• Task to complete
Check every line of the data below for "settings". Copy each one that has it.

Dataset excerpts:
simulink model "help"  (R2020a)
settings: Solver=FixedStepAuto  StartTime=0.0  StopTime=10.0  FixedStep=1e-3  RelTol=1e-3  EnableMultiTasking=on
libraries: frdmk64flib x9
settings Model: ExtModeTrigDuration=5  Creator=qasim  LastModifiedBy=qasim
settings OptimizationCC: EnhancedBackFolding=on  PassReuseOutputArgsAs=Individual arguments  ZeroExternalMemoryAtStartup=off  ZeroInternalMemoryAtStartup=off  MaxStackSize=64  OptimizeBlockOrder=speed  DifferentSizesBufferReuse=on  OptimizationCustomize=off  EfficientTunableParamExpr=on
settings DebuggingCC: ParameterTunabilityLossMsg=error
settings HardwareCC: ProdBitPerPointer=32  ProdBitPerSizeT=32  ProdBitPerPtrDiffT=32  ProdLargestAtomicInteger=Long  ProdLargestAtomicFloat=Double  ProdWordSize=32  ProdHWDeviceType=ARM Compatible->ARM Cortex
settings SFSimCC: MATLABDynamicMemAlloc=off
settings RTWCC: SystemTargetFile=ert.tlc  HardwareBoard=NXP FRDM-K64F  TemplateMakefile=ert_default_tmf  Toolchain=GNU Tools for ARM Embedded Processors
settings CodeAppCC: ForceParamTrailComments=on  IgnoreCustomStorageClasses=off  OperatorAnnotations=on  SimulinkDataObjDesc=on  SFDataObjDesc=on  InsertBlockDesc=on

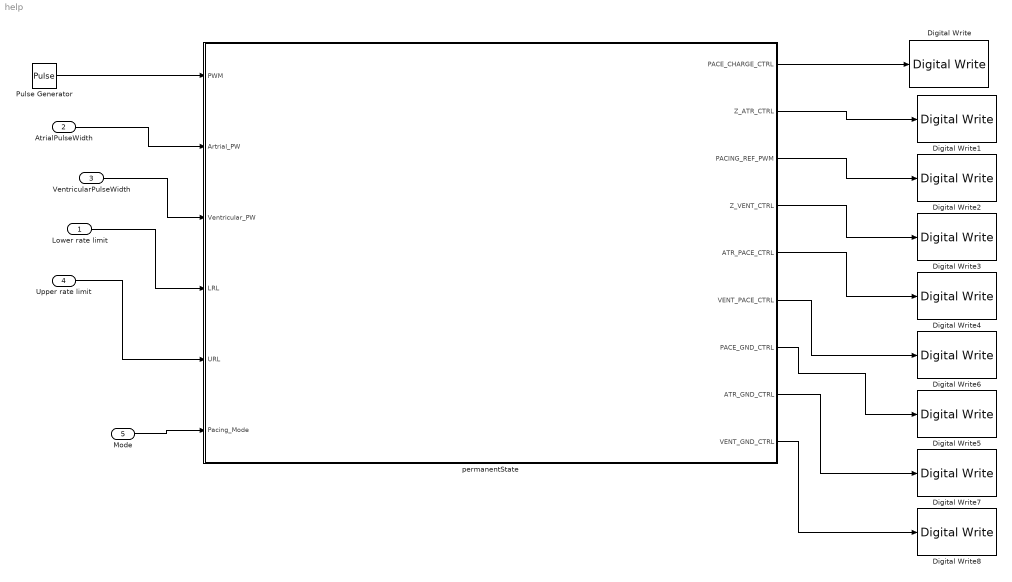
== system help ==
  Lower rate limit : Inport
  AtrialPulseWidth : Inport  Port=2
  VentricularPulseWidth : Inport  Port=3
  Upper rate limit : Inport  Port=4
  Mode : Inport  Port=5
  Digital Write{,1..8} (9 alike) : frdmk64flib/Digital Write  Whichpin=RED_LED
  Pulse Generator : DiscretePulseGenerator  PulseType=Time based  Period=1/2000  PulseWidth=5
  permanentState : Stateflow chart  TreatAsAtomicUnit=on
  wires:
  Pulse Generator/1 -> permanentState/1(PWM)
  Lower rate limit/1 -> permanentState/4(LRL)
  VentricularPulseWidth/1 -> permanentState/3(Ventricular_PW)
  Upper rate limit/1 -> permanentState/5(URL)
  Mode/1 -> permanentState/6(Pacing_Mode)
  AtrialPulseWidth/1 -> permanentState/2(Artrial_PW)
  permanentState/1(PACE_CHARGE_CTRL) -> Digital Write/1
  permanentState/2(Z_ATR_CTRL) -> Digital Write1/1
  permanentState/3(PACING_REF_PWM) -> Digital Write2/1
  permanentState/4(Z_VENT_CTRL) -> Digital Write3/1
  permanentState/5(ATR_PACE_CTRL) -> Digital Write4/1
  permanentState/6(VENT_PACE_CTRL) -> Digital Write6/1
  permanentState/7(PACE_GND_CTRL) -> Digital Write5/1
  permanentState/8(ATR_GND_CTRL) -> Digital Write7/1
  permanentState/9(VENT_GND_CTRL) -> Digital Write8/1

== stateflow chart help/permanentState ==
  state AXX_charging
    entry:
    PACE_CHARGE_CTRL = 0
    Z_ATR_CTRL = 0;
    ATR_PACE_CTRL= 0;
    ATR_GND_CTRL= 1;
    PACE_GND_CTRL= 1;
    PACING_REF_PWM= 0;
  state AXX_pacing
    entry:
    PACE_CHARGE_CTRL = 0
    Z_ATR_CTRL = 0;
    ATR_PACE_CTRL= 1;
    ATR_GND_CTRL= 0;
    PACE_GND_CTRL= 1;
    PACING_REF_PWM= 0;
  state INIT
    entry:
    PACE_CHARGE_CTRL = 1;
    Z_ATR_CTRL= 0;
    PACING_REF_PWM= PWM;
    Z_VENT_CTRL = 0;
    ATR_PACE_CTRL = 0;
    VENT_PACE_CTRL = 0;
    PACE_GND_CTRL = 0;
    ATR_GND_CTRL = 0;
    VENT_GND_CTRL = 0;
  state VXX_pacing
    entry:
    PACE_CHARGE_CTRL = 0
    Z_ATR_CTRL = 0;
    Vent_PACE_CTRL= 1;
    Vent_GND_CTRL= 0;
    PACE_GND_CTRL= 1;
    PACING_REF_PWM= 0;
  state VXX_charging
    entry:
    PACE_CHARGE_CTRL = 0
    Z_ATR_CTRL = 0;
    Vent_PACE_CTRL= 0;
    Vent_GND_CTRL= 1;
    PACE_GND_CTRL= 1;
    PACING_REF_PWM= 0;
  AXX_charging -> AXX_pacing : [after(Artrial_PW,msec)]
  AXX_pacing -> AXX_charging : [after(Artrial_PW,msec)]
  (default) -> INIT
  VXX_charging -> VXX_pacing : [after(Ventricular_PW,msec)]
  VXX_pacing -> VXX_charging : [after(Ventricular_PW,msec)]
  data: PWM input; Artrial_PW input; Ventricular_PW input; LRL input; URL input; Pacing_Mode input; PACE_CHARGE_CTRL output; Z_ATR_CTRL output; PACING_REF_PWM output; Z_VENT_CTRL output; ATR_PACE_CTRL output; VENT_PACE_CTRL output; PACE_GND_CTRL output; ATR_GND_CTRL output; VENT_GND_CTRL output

• Solution to the problem
settings: Solver=FixedStepAuto  StartTime=0.0  StopTime=10.0  FixedStep=1e-3  RelTol=1e-3  EnableMultiTasking=on
settings Model: ExtModeTrigDuration=5  Creator=qasim  LastModifiedBy=qasim
settings OptimizationCC: EnhancedBackFolding=on  PassReuseOutputArgsAs=Individual arguments  ZeroExternalMemoryAtStartup=off  ZeroInternalMemoryAtStartup=off  MaxStackSize=64  OptimizeBlockOrder=speed  DifferentSizesBufferReuse=on  OptimizationCustomize=off  EfficientTunableParamExpr=on
settings DebuggingCC: ParameterTunabilityLossMsg=error
settings HardwareCC: ProdBitPerPointer=32  ProdBitPerSizeT=32  ProdBitPerPtrDiffT=32  ProdLargestAtomicInteger=Long  ProdLargestAtomicFloat=Double  ProdWordSize=32  ProdHWDeviceType=ARM Compatible->ARM Cortex
settings SFSimCC: MATLABDynamicMemAlloc=off
settings RTWCC: SystemTargetFile=ert.tlc  HardwareBoard=NXP FRDM-K64F  TemplateMakefile=ert_default_tmf  Toolchain=GNU Tools for ARM Embedded Processors
settings CodeAppCC: ForceParamTrailComments=on  IgnoreCustomStorageClasses=off  OperatorAnnotations=on  SimulinkDataObjDesc=on  SFDataObjDesc=on  InsertBlockDesc=on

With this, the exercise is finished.